Eine 18-jährige macht ein missglücktes TikTok-Video zum USA-Iran-Konflikt - und alle flippen aus. Dabei sind die Ängste der jungen Leute real und sollten ernst genommen werden. Ein Kommentar von Christian Schiffer.

Von: Christian Schiffer

Stand: 10.01.2020

Die Handyapp TikTok | Bild: picture-alliance/dpa

2,2 Millionen Menschen folgen der 18-jährigen Schülerin Laura Sophie auf TikTok.
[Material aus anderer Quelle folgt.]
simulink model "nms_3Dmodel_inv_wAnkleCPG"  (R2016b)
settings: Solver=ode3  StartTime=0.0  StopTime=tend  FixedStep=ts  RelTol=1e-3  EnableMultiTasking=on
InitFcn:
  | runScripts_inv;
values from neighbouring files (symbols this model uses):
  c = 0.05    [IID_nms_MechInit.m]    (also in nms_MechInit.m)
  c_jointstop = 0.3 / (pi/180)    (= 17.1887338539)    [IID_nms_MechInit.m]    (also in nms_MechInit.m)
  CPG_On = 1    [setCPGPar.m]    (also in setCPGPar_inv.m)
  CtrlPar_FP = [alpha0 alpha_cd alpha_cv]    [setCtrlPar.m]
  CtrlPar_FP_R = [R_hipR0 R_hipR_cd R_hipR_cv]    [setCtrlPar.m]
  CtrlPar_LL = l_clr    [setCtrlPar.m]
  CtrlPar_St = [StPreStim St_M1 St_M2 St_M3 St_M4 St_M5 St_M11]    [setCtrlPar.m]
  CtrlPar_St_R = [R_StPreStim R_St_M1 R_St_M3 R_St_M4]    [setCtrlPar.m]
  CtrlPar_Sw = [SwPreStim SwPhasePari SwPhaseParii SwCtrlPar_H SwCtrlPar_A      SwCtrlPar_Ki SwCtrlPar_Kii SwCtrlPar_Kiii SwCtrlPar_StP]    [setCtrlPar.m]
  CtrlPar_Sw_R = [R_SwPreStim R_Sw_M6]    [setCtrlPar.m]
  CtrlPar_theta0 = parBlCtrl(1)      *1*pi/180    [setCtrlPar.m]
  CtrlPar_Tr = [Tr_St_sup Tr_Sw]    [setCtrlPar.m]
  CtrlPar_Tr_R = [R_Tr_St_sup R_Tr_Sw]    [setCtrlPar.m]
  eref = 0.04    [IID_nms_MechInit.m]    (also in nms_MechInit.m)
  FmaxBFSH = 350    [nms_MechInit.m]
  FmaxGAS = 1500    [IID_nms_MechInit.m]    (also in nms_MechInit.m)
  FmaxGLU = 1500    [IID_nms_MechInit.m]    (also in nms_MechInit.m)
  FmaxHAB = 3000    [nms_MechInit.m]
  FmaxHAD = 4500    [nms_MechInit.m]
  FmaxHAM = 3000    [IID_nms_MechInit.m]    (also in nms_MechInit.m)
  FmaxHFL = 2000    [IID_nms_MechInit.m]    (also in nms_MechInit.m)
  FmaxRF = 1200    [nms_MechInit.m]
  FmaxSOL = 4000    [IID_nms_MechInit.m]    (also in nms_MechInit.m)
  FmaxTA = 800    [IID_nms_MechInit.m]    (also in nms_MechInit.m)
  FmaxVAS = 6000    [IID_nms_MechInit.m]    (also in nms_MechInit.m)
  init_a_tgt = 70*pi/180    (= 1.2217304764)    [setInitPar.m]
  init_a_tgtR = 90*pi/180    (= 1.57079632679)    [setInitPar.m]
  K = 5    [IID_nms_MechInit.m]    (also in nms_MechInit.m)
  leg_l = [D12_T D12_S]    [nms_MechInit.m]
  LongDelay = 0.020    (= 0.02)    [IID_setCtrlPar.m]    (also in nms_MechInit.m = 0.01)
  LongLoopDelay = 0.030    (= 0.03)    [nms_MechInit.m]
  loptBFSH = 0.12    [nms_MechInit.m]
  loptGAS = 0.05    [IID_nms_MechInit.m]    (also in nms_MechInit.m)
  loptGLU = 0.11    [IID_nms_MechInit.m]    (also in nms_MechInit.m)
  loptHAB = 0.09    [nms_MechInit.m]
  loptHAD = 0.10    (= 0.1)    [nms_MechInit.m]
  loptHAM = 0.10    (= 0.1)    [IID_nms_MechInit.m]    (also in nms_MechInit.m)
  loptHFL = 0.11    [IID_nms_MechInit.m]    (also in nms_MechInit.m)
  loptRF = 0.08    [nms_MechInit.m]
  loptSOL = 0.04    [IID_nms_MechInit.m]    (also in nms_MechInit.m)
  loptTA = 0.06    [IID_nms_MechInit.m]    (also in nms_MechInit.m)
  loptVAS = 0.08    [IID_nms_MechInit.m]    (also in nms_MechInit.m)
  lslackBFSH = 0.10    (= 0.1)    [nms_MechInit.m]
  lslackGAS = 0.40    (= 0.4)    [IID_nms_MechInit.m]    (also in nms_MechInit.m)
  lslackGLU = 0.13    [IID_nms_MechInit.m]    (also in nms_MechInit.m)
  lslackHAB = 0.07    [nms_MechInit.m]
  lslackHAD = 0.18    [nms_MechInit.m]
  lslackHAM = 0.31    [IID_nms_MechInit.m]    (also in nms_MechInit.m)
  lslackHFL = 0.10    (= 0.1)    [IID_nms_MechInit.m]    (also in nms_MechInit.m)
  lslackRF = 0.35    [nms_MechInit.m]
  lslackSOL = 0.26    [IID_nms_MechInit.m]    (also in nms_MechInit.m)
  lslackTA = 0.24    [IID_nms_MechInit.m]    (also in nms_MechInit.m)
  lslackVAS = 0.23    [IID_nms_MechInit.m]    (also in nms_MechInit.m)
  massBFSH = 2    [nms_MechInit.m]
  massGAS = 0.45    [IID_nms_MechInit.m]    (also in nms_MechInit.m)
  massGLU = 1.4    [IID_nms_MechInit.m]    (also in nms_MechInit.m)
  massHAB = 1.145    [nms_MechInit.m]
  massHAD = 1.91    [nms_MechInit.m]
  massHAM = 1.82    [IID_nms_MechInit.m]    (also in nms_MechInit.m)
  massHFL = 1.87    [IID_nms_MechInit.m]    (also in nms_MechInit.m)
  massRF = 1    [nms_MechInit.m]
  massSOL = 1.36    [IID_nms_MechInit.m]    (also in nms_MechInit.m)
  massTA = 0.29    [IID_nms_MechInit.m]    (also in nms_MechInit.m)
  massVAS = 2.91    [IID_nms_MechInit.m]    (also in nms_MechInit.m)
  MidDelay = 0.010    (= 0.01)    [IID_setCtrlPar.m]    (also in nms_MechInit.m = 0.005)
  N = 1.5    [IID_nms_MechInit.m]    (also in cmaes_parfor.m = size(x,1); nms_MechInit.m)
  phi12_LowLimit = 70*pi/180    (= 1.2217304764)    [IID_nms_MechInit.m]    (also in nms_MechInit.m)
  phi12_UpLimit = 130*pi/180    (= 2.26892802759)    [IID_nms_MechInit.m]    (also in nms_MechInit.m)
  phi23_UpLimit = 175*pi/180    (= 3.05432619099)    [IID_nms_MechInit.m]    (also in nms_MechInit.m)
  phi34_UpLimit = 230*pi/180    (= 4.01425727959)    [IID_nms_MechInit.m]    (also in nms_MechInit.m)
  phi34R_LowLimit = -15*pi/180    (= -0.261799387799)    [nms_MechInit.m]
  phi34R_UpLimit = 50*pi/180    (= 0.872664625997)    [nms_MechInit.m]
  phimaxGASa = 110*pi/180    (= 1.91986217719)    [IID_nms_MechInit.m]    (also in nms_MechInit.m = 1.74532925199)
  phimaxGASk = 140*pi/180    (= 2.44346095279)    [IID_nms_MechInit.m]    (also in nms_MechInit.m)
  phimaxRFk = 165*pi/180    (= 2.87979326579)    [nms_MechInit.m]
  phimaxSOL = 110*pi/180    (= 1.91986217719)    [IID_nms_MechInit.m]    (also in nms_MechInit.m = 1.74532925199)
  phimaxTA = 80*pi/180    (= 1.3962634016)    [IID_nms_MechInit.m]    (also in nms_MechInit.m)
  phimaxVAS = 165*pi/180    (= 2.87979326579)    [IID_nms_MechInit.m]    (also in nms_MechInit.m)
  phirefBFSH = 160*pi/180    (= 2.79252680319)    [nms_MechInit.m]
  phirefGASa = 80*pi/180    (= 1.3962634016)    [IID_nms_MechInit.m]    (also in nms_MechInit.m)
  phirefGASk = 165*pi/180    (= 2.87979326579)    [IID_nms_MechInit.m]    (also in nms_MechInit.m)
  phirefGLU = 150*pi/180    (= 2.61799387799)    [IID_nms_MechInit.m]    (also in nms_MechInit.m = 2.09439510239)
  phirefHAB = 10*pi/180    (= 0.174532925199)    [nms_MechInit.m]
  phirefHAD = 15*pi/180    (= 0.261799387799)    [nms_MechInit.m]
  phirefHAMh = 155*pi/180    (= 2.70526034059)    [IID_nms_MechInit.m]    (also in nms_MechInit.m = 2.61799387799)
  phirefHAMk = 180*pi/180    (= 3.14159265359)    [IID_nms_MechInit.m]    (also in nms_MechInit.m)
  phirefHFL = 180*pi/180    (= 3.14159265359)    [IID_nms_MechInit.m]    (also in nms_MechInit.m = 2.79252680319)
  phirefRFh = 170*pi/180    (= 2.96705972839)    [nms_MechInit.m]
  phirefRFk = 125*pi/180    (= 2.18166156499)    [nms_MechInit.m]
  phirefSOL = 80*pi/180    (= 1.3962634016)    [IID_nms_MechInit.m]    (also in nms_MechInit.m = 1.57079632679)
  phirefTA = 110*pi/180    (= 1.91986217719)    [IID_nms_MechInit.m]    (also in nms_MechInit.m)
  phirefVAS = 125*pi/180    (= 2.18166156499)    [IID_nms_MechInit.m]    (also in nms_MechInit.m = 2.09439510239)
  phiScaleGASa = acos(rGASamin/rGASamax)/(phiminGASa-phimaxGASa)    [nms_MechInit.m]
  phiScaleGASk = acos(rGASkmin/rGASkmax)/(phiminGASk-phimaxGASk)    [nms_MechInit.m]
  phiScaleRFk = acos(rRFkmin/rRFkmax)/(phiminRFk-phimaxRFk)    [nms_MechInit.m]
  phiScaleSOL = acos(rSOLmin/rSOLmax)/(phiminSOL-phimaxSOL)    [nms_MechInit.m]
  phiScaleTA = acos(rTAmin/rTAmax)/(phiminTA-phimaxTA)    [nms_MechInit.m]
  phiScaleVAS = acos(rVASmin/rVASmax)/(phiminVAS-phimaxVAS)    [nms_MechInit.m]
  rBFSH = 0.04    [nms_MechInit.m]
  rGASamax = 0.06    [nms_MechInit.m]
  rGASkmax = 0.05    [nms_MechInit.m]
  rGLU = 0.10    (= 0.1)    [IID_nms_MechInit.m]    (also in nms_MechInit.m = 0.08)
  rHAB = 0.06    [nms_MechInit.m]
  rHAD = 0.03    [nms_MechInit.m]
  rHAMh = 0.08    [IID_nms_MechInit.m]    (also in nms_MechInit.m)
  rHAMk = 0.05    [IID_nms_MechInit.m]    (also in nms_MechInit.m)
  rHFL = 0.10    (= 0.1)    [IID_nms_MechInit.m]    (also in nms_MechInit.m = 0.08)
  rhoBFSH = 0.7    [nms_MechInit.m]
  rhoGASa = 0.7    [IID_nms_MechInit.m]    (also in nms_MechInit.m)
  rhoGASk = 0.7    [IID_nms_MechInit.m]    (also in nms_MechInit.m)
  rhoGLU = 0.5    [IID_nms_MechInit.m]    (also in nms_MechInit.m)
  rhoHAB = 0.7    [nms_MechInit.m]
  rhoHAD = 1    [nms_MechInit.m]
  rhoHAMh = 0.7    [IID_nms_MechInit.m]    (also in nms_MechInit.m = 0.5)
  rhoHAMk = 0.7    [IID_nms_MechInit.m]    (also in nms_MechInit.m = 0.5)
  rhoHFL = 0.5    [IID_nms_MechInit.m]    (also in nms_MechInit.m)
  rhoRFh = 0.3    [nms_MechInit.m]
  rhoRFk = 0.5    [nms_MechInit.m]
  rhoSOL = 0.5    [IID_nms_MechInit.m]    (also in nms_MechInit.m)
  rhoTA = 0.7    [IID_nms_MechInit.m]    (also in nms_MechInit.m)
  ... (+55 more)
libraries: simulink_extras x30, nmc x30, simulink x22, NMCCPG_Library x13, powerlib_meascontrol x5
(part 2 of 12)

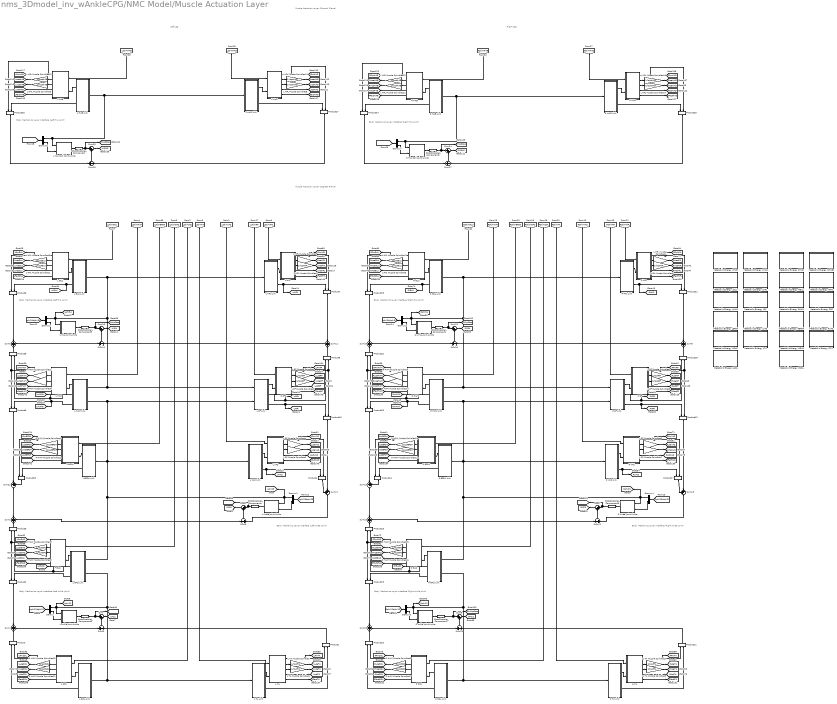
== system nms_3Dmodel_inv_wAnkleCPG/NMC Model/Muscle Actuation Layer ==
  note: Muscle Actuation Layer
      | (Coronal Plane)
  note: Right Leg
  note: Body Mechanics Layer
      | Interface (Right Hip Joint)
  note: Body Mechanics Layer
      | Interface (Left Hip Joint)
  note: Left Leg
  note: Body Mechanics Layer
      | Interface (Right Ankle Joint)
  note: Body Mechanics Layer
      | Interface (Right Knee Joint)
  note: Body Mechanics Layer
      | Interface (Right Hip Joint)
  note: Body Mechanics Layer
      | Interface (Left Ankle Joint)
  note: Body Mechanics Layer
      | Interface (Left Knee Joint)
  note: Body Mechanics Layer
      | Interface (Left Hip Joint)
  note: Muscle Actuation Layer
      | (Sagittal Plane)
  Demux{,1..7} (8 alike) : Demux  Outputs=2
  F GAS : Subsystem
  GotoDisabler_Component{,1..7} (8 alike) : nmc/GotoDisabler_Component  GotoTag=DisableNMC_JointLimits
  L Ankle Joint Limits : Subsystem
  L BFSH : Subsystem
  L BFSH Link : Subsystem
  L GAS Link : Subsystem
  L GLU : Subsystem
  L GLU Link : Subsystem
  L HAB : Subsystem
  L HAB Link : Subsystem
  L HAD : Subsystem
  L HAD Link : Subsystem
  L HAM : Subsystem
  L HAM Link : Subsystem
  L HFL : Subsystem
  L HFL Muscle Spindles{,1,4..5} (4 alike) : Gain  Gain=1/loptHFL
  L HFL Muscle Spindles{9..10,12..13} (4 alike) : Gain  Gain=1/loptHAB
  L HFL Muscle Spindles{8,11,14..15} (4 alike) : Gain  Gain=1/loptHAD
  L HFL Muscle Spindles{2..3,6..7} (4 alike) : Gain  Gain=1/loptGLU
  L HFL Link : Subsystem
  L Hip Joint Limits : Subsystem
  L Hip Roll Joint Limits : Subsystem
  L Knee Joint Limits : Subsystem
  L RF Muscle Spindles{,1..3} (4 alike) : Gain  Gain=1/loptRF
  L RF Muscle Spindles{4..7} (4 alike) : Gain  Gain=1/loptVAS
  L RF Link : Subsystem
  L SOL : Subsystem
  L SOL Link : Subsystem
  L TA : Subsystem
  L TA Muscle Spindles{,1..3} (4 alike) : Gain  Gain=1/loptTA
  L TA Link : Subsystem
  L VAS : Subsystem
  L VAS Link : Subsystem
  Metabolic Energy LBFSH : Subsystem  mask{side='L', muscle='BFSH'}
      mask prompts: side "What Side (R/L)?"; muscle "What Muscle?"
      mask init:
      | blk = gcb;
      | 
      | set_param([gcb '/From1'],'GotoTag',[side,'Act',muscle]);
      | set_param([gcb '/From2'],'GotoTag',[side,'Stim',muscle]);
      | set_param([gcb '/From3'],'GotoTag',[side,'Lce',muscle]);
      | set_param([gcb '/From4'],'GotoTag',[side,'Vce',muscle]);
      | set_param([gcb '/From5'],'GotoTag',[side,'Fm',muscle]);
      | set_param([gcb '/From6'],'GotoTag',[side,'Fact',muscle]);
      | 
      | set_param([gcb '/Goto1'],'GotoTag',[side,'Energy',muscle]);
      | 
      | set_param([gcb '/Constant'],'Value',['lopt',muscle]);
      | set_param([gcb '/Constant1'],'Value',['mass',muscle]);
      | set_param([gcb '/Constant2'],'Value',['t1f',muscle]);
  Metabolic Energy LGAS : Subsystem  mask{side='L', muscle='GAS'}
      mask prompts: side "What Side (R/L)?"; muscle "What Muscle?"
      mask init: same as nms_3Dmodel_inv_wAnkleCPG/NMC Model/Muscle Actuation Layer/Metabolic Energy LBFSH
  Metabolic Energy LGLU : Subsystem  mask{side='L', muscle='GLU'}
      mask prompts: side "What Side (R/L)?"; muscle "What Muscle?"
      mask init: same as nms_3Dmodel_inv_wAnkleCPG/NMC Model/Muscle Actuation Layer/Metabolic Energy LBFSH
  Metabolic Energy LHAB : Subsystem  mask{side='L', muscle='HAB'}
      mask prompts: side "What Side (R/L)?"; muscle "What Muscle?"
      mask init: same as nms_3Dmodel_inv_wAnkleCPG/NMC Model/Muscle Actuation Layer/Metabolic Energy LBFSH
  Metabolic Energy LHAD : Subsystem  mask{side='L', muscle='HAD'}
      mask prompts: side "What Side (R/L)?"; muscle "What Muscle?"
      mask init: same as nms_3Dmodel_inv_wAnkleCPG/NMC Model/Muscle Actuation Layer/Metabolic Energy LBFSH
  Metabolic Energy LHAM : Subsystem  mask{side='L', muscle='HAM'}
      mask prompts: side "What Side (R/L)?"; muscle "What Muscle?"
      mask init: same as nms_3Dmodel_inv_wAnkleCPG/NMC Model/Muscle Actuation Layer/Metabolic Energy LBFSH
  Metabolic Energy LHFL : Subsystem  mask{side='L', muscle='HFL'}
      mask prompts: side "What Side (R/L)?"; muscle "What Muscle?"
      mask init: same as nms_3Dmodel_inv_wAnkleCPG/NMC Model/Muscle Actuation Layer/Metabolic Energy LBFSH
  Metabolic Energy LRF : Subsystem  mask{side='L', muscle='RF'}
      mask prompts: side "What Side (R/L)?"; muscle "What Muscle?"
      mask init: same as nms_3Dmodel_inv_wAnkleCPG/NMC Model/Muscle Actuation Layer/Metabolic Energy LBFSH
  Metabolic Energy LSOL : Subsystem  mask{side='L', muscle='SOL'}
      mask prompts: side "What Side (R/L)?"; muscle "What Muscle?"
      mask init: same as nms_3Dmodel_inv_wAnkleCPG/NMC Model/Muscle Actuation Layer/Metabolic Energy LBFSH
  Metabolic Energy LTA : Subsystem  mask{side='L', muscle='TA'}
      mask prompts: side "What Side (R/L)?"; muscle "What Muscle?"
      mask init: same as nms_3Dmodel_inv_wAnkleCPG/NMC Model/Muscle Actuation Layer/Metabolic Energy LBFSH
  Metabolic Energy LVAS : Subsystem  mask{side='L', muscle='VAS'}
      mask prompts: side "What Side (R/L)?"; muscle "What Muscle?"
      mask init: same as nms_3Dmodel_inv_wAnkleCPG/NMC Model/Muscle Actuation Layer/Metabolic Energy LBFSH
  Metabolic Energy RBFSH : Subsystem  mask{side='R', muscle='BFSH'}
      mask prompts: side "What Side (R/L)?"; muscle "What Muscle?"
      mask init: same as nms_3Dmodel_inv_wAnkleCPG/NMC Model/Muscle Actuation Layer/Metabolic Energy LBFSH
  Metabolic Energy RGAS : Subsystem  mask{side='R', muscle='GAS'}
      mask prompts: side "What Side (R/L)?"; muscle "What Muscle?"
      mask init: same as nms_3Dmodel_inv_wAnkleCPG/NMC Model/Muscle Actuation Layer/Metabolic Energy LBFSH
  Metabolic Energy RGLU : Subsystem  mask{side='R', muscle='GLU'}
      mask prompts: side "What Side (R/L)?"; muscle "What Muscle?"
      mask init: same as nms_3Dmodel_inv_wAnkleCPG/NMC Model/Muscle Actuation Layer/Metabolic Energy LBFSH
  Metabolic Energy RHAB : Subsystem  mask{side='R', muscle='HAB'}
      mask prompts: side "What Side (R/L)?"; muscle "What Muscle?"
      mask init: same as nms_3Dmodel_inv_wAnkleCPG/NMC Model/Muscle Actuation Layer/Metabolic Energy LBFSH
  Metabolic Energy RHAB1 : Subsystem  mask{side='R', muscle='HAD'}
      mask prompts: side "What Side (R/L)?"; muscle "What Muscle?"
      mask init: same as nms_3Dmodel_inv_wAnkleCPG/NMC Model/Muscle Actuation Layer/Metabolic Energy LBFSH
  Metabolic Energy RHAM : Subsystem  mask{side='R', muscle='HAM'}
      mask prompts: side "What Side (R/L)?"; muscle "What Muscle?"
      mask init: same as nms_3Dmodel_inv_wAnkleCPG/NMC Model/Muscle Actuation Layer/Metabolic Energy LBFSH
  Metabolic Energy RHFL : Subsystem  mask{side='R', muscle='HFL'}
      mask prompts: side "What Side (R/L)?"; muscle "What Muscle?"
      mask init: same as nms_3Dmodel_inv_wAnkleCPG/NMC Model/Muscle Actuation Layer/Metabolic Energy LBFSH
  Metabolic Energy RRF : Subsystem  mask{side='R', muscle='RF'}
      mask prompts: side "What Side (R/L)?"; muscle "What Muscle?"
      mask init: same as nms_3Dmodel_inv_wAnkleCPG/NMC Model/Muscle Actuation Layer/Metabolic Energy LBFSH
  Metabolic Energy RSOL : Subsystem  mask{side='R', muscle='SOL'}
      mask prompts: side "What Side (R/L)?"; muscle "What Muscle?"
      mask init: same as nms_3Dmodel_inv_wAnkleCPG/NMC Model/Muscle Actuation Layer/Metabolic Energy LBFSH
  Metabolic Energy RTA : Subsystem  mask{side='R', muscle='TA'}
      mask prompts: side "What Side (R/L)?"; muscle "What Muscle?"
      mask init: same as nms_3Dmodel_inv_wAnkleCPG/NMC Model/Muscle Actuation Layer/Metabolic Energy LBFSH
  Metabolic Energy RVAS : Subsystem  mask{side='R', muscle='VAS'}
      mask prompts: side "What Side (R/L)?"; muscle "What Muscle?"
      mask init: same as nms_3Dmodel_inv_wAnkleCPG/NMC Model/Muscle Actuation Layer/Metabolic Energy LBFSH
  Product{,1..27} (28 alike) : Product  RndMeth=Zero
  R Ankle Joint Limits : Subsystem
  R BFSH : Subsystem
  R BFSH Link : Subsystem
  R GAS : Subsystem
  R GAS Link : Subsystem
  R GLU : Subsystem
  R GLU Link : Subsystem
  R HAB : Subsystem
  R HAB Link : Subsystem
  R HAD : Subsystem
  R HAD Link : Subsystem
  R HAM : Subsystem
  R HAM Muscle Spindles{1,3,6,14} (4 alike) : Gain  Gain=1/loptHAM
  R HAM Muscle Spindles{5,7,10..11} (4 alike) : Gain  Gain=1/loptSOL
  R HAM Muscle Spindles{2,4,12..13} (4 alike) : Gain  Gain=1/loptBFSH
  R HAM Muscle Spindles{8..9,15..16} (4 alike) : Gain  Gain=1/loptGAS
  R HAM Link : Subsystem
  R HFL : Subsystem
  R HFL Link : Subsystem
  R Hip Roll Joint Limits : Subsystem
  R Knee Joint Limits : Subsystem
  R L Hip Joint Limits : Subsystem
  R RF : Subsystem
  R RF Link : Subsystem
  R RF1 : Subsystem
  R SOL : Subsystem
  R SOL Link : Subsystem
  R TA : Subsystem
  R TA Link : Subsystem
  R VAS : Subsystem
  R VAS Link : Subsystem
  Sum{,1,6..7,12,16,18,22,24,26} (10 alike) : Sum  Inputs=|++
  Sum{9..10,14,23,25,27} (6 alike) : Sum  Inputs=+-
  Sum{2..4,8,11,15,19..20} (8 alike) : Sum
  Sum13 : Sum  Inputs=++|
  Sum17 : Sum  Inputs=++|
  Sum21 : Sum  Inputs=-+
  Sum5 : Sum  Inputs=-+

Sie schauen der Münchnerin dabei zu, wie sie im Pyjama tanzt, Songs der HipHopperin Doja Cat lipsynct oder wie sie sich fragt, ob „Die Eiskönigin 2“ wirklich besser ist als „Die Eiskönigin 1“. Fast 3.000 Clips hat die Influencerin produziert und letztens auch eines, in dem sie sich mit dem Konflikt zwischen den USA und dem Iran beschäftigt – und mit dem 3. Weltkrieg. In ihrem Video erzählt sie davon, wer gegen wen kämpft und dass der Iran "über extrem viele Atombomben und gefährliche Waffen" verfügt: "Wenn da eine hochgeht, sind wir alle futsch", sagt Laura Sophie in ihrem Video.

Natürlich, da stimmt einiges nicht, angefangen bei der Tatsache, dass der Iran keine Atomwaffen besitzt. Es kam, wie es kommen musste: Ein Shitstorm brach über die Schülerin herein, da half es auch nichts, dass sie den Clip löschte und sich mehrfach entschuldigte.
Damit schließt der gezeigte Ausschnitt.